Problem details | Set down all of the records word for word.

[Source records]
▼

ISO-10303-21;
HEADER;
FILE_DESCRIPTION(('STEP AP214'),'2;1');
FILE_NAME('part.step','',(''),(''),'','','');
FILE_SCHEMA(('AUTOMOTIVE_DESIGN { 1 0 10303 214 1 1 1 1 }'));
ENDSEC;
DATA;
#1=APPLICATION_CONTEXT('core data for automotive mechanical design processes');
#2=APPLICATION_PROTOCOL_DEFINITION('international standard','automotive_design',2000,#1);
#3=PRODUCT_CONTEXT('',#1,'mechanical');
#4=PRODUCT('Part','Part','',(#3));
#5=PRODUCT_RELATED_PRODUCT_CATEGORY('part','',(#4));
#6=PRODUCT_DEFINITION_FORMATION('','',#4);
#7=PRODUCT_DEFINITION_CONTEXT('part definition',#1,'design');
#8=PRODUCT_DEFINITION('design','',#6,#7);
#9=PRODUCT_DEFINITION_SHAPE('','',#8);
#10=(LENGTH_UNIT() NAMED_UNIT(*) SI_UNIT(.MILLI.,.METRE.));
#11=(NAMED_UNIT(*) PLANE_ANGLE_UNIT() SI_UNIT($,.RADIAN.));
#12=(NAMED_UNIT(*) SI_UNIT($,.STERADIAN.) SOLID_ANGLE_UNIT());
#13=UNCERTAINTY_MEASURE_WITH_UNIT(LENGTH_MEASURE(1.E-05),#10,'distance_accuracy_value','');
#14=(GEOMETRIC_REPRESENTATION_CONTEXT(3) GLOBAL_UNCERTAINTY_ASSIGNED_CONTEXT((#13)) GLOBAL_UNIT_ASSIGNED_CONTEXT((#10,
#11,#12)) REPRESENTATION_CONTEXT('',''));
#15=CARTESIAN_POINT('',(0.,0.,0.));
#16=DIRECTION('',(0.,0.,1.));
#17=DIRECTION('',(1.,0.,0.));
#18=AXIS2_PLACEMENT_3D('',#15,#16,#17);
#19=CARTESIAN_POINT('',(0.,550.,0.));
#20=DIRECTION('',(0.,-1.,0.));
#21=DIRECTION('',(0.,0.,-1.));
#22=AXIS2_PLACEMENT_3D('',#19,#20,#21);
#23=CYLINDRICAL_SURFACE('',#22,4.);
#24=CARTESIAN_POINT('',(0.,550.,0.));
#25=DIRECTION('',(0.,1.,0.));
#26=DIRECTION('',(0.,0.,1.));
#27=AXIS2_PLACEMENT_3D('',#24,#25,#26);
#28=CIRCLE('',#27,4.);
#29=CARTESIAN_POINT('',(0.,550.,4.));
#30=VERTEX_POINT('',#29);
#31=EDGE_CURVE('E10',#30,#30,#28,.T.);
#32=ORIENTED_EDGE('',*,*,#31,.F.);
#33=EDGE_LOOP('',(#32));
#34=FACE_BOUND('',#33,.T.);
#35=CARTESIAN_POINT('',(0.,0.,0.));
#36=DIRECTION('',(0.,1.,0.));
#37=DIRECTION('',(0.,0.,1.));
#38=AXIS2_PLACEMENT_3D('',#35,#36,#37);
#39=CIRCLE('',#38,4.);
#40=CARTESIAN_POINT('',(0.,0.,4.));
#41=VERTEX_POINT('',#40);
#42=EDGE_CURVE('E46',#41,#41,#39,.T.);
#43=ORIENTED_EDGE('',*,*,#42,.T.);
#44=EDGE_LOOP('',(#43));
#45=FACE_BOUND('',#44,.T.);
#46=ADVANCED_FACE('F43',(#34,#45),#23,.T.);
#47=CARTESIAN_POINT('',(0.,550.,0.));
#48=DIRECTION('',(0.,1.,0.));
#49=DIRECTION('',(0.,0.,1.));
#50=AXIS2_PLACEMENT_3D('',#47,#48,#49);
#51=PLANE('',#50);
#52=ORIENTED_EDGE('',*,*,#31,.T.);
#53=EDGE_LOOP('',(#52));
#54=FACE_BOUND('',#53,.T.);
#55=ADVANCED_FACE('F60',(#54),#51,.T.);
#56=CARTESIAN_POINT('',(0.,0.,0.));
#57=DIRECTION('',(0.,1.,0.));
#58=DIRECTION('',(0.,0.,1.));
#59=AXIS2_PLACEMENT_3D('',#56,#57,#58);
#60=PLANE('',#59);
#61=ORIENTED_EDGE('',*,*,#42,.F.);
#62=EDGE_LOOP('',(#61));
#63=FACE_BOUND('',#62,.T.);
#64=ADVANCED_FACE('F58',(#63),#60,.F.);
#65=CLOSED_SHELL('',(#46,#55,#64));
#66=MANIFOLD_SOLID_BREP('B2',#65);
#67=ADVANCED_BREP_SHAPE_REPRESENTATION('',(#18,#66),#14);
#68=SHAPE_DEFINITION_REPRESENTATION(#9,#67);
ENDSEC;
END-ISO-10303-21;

▲

Task response |
ISO-10303-21;
HEADER;
FILE_DESCRIPTION(('STEP AP214'),'2;1');
FILE_NAME('part.step','',(''),(''),'','','');
FILE_SCHEMA(('AUTOMOTIVE_DESIGN { 1 0 10303 214 1 1 1 1 }'));
ENDSEC;
DATA;
#1=APPLICATION_CONTEXT('core data for automotive mechanical design processes');
#2=APPLICATION_PROTOCOL_DEFINITION('international standard','automotive_design',2000,#1);
#3=PRODUCT_CONTEXT('',#1,'mechanical');
#4=PRODUCT('Part','Part','',(#3));
#5=PRODUCT_RELATED_PRODUCT_CATEGORY('part','',(#4));
#6=PRODUCT_DEFINITION_FORMATION('','',#4);
#7=PRODUCT_DEFINITION_CONTEXT('part definition',#1,'design');
#8=PRODUCT_DEFINITION('design','',#6,#7);
#9=PRODUCT_DEFINITION_SHAPE('','',#8);
#10=(LENGTH_UNIT() NAMED_UNIT(*) SI_UNIT(.MILLI.,.METRE.));
#11=(NAMED_UNIT(*) PLANE_ANGLE_UNIT() SI_UNIT($,.RADIAN.));
#12=(NAMED_UNIT(*) SI_UNIT($,.STERADIAN.) SOLID_ANGLE_UNIT());
#13=UNCERTAINTY_MEASURE_WITH_UNIT(LENGTH_MEASURE(1.E-05),#10,'distance_accuracy_value','');
#14=(GEOMETRIC_REPRESENTATION_CONTEXT(3) GLOBAL_UNCERTAINTY_ASSIGNED_CONTEXT((#13)) GLOBAL_UNIT_ASSIGNED_CONTEXT((#10,
#11,#12)) REPRESENTATION_CONTEXT('',''));
#15=CARTESIAN_POINT('',(0.,0.,0.));
#16=DIRECTION('',(0.,0.,1.));
#17=DIRECTION('',(1.,0.,0.));
#18=AXIS2_PLACEMENT_3D('',#15,#16,#17);
#19=CARTESIAN_POINT('',(0.,550.,0.));
#20=DIRECTION('',(0.,-1.,0.));
#21=DIRECTION('',(0.,0.,-1.));
#22=AXIS2_PLACEMENT_3D('',#19,#20,#21);
#23=CYLINDRICAL_SURFACE('',#22,4.);
#24=CARTESIAN_POINT('',(0.,550.,0.));
#25=DIRECTION('',(0.,1.,0.));
#26=DIRECTION('',(0.,0.,1.));
#27=AXIS2_PLACEMENT_3D('',#24,#25,#26);
#28=CIRCLE('',#27,4.);
#29=CARTESIAN_POINT('',(0.,550.,4.));
#30=VERTEX_POINT('',#29);
#31=EDGE_CURVE('E10',#30,#30,#28,.T.);
#32=ORIENTED_EDGE('',*,*,#31,.F.);
#33=EDGE_LOOP('',(#32));
#34=FACE_BOUND('',#33,.T.);
#35=CARTESIAN_POINT('',(0.,0.,0.));
#36=DIRECTION('',(0.,1.,0.));
#37=DIRECTION('',(0.,0.,1.));
#38=AXIS2_PLACEMENT_3D('',#35,#36,#37);
#39=CIRCLE('',#38,4.);
#40=CARTESIAN_POINT('',(0.,0.,4.));
#41=VERTEX_POINT('',#40);
#42=EDGE_CURVE('E46',#41,#41,#39,.T.);
#43=ORIENTED_EDGE('',*,*,#42,.T.);
#44=EDGE_LOOP('',(#43));
#45=FACE_BOUND('',#44,.T.);
#46=ADVANCED_FACE('F43',(#34,#45),#23,.T.);
#47=CARTESIAN_POINT('',(0.,550.,0.));
#48=DIRECTION('',(0.,1.,0.));
#49=DIRECTION('',(0.,0.,1.));
#50=AXIS2_PLACEMENT_3D('',#47,#48,#49);
#51=PLANE('',#50);
#52=ORIENTED_EDGE('',*,*,#31,.T.);
#53=EDGE_LOOP('',(#52));
#54=FACE_BOUND('',#53,.T.);
#55=ADVANCED_FACE('F60',(#54),#51,.T.);
#56=CARTESIAN_POINT('',(0.,0.,0.));
#57=DIRECTION('',(0.,1.,0.));
#58=DIRECTION('',(0.,0.,1.));
#59=AXIS2_PLACEMENT_3D('',#56,#57,#58);
#60=PLANE('',#59);
#61=ORIENTED_EDGE('',*,*,#42,.F.);
#62=EDGE_LOOP('',(#61));
#63=FACE_BOUND('',#62,.T.);
#64=ADVANCED_FACE('F58',(#63),#60,.F.);
#65=CLOSED_SHELL('',(#46,#55,#64));
#66=MANIFOLD_SOLID_BREP('B2',#65);
#67=ADVANCED_BREP_SHAPE_REPRESENTATION('',(#18,#66),#14);
#68=SHAPE_DEFINITION_REPRESENTATION(#9,#67);
ENDSEC;
END-ISO-10303-21;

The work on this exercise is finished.